I think generally the books I'm reading just to "have read" are those that can be summarized in a sentence or two; those I'm reading because I want to read them are harder to pin down...

It may also be that some books you read because you know you'll agree with them and just want the simple, repetitive pat on the back. Other books you read because you don't know what they're talking about--those are generally also harder to summarize...

Josh said on August 20, 2005 6:35 PM:

Another good book related to your "exception" is Nexus: The groundbreaking science of networks.

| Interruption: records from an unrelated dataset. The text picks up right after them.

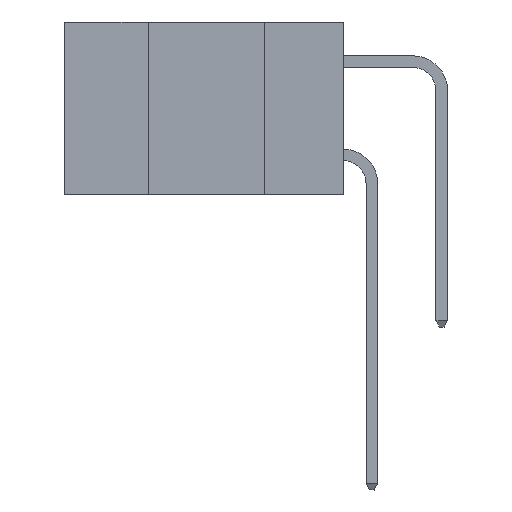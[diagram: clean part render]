
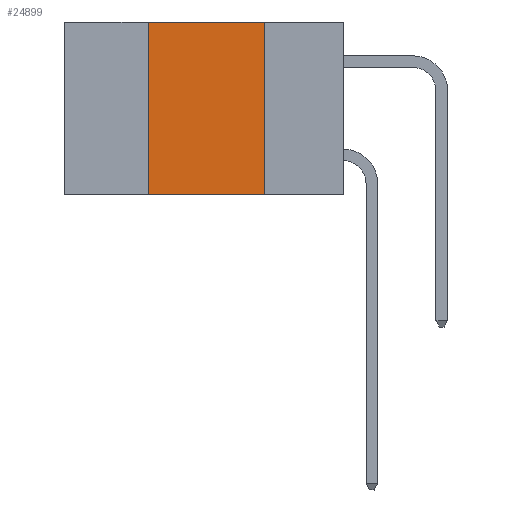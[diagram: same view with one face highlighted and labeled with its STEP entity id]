
A CAD part, left-side view. The second image highlights one B-rep face of the part: STEP entity #24899.
In plain terms, the highlighted planar face has unit normal (-1, 0, 0).
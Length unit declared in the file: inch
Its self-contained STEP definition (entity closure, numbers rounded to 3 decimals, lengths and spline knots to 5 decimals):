
#262 = LINE ( 'NONE', #23688, #5483 ) ;
#1015 = ORIENTED_EDGE ( 'NONE', *, *, #9855, .T. ) ;
#1337 = VECTOR ( 'NONE', #11767, 39.37008 ) ;
#1495 = EDGE_CURVE ( 'NONE', #14138, #8181, #24965, .T. ) ;
#2855 = ORIENTED_EDGE ( 'NONE', *, *, #20923, .F. ) ;
#4293 = CARTESIAN_POINT ( 'NONE',  ( 0., 0.17, 0. ) ) ;
#5483 = VECTOR ( 'NONE', #19977, 39.37008 ) ;
#8181 = VERTEX_POINT ( 'NONE', #9983 ) ;
#8370 = DIRECTION ( 'NONE',  ( 0., 0., 1. ) ) ;
#9258 = LINE ( 'NONE', #16214, #24927 ) ;
#9855 = EDGE_CURVE ( 'NONE', #10480, #8181, #262, .T. ) ;
#9983 = CARTESIAN_POINT ( 'NONE',  ( 0., 0.17, -0.37 ) ) ;
#10058 = ORIENTED_EDGE ( 'NONE', *, *, #1495, .F. ) ;
#10321 = CARTESIAN_POINT ( 'NONE',  ( 0., 0.42, 0. ) ) ;
#10480 = VERTEX_POINT ( 'NONE', #23580 ) ;
#11048 = CARTESIAN_POINT ( 'NONE',  ( 0., 0.6, 0. ) ) ;
#11073 = EDGE_LOOP ( 'NONE', ( #10058, #19204, #2855, #1015 ) ) ;
#11767 = DIRECTION ( 'NONE',  ( 0., 0., -1. ) ) ;
#13203 = VECTOR ( 'NONE', #8370, 39.37008 ) ;
#14138 = VERTEX_POINT ( 'NONE', #4293 ) ;
#14141 = FACE_OUTER_BOUND ( 'NONE', #11073, .T. ) ;
#14207 = VERTEX_POINT ( 'NONE', #10321 ) ;
#14495 = DIRECTION ( 'NONE',  ( 0., -1., 0. ) ) ;
#15946 = LINE ( 'NONE', #18113, #13203 ) ;
#16214 = CARTESIAN_POINT ( 'NONE',  ( 0., 0.6, 0. ) ) ;
#17557 = CARTESIAN_POINT ( 'NONE',  ( 0., 0.17, 0. ) ) ;
#18113 = CARTESIAN_POINT ( 'NONE',  ( 0., 0.42, 0. ) ) ;
#19204 = ORIENTED_EDGE ( 'NONE', *, *, #19976, .F. ) ;
#19976 = EDGE_CURVE ( 'NONE', #14207, #14138, #9258, .T. ) ;
#19977 = DIRECTION ( 'NONE',  ( 0., -1., 0. ) ) ;
#20529 = DIRECTION ( 'NONE',  ( 1., 0., 0. ) ) ;
#20923 = EDGE_CURVE ( 'NONE', #10480, #14207, #15946, .T. ) ;
#22301 = AXIS2_PLACEMENT_3D ( 'NONE', #11048, #20529, #24757 ) ;
#23580 = CARTESIAN_POINT ( 'NONE',  ( 0., 0.42, -0.37 ) ) ;
#23688 = CARTESIAN_POINT ( 'NONE',  ( 0., 0.6, -0.37 ) ) ;
#24757 = DIRECTION ( 'NONE',  ( 0., 0., -1. ) ) ;
#24854 = PLANE ( 'NONE',  #22301 ) ;
#24899 = ADVANCED_FACE ( 'NONE', ( #14141 ), #24854, .F. ) ;
#24927 = VECTOR ( 'NONE', #14495, 39.37008 ) ;
#24965 = LINE ( 'NONE', #17557, #1337 ) ;

You should check it out

Philip Dhingra said on August 21, 2005 9:07 AM:

Thanks Josh.

The paperback is titled "Nexus: Small Worlds and the Groundbreaking _Theory_ of Networks" and the hardcover "Nexus: Small Worlds and the Groundbreaking _Science_ of Networks." Maybe after seeing "A New Kind of Science" get panned they changed the name in the newer edition. Although, ANKoS has sold a lot of copies.

Based on the intro, looks pretty similar to Linked. Nexus has as 4.5 stars out of 5, while as "Linked" has 4 stars, though.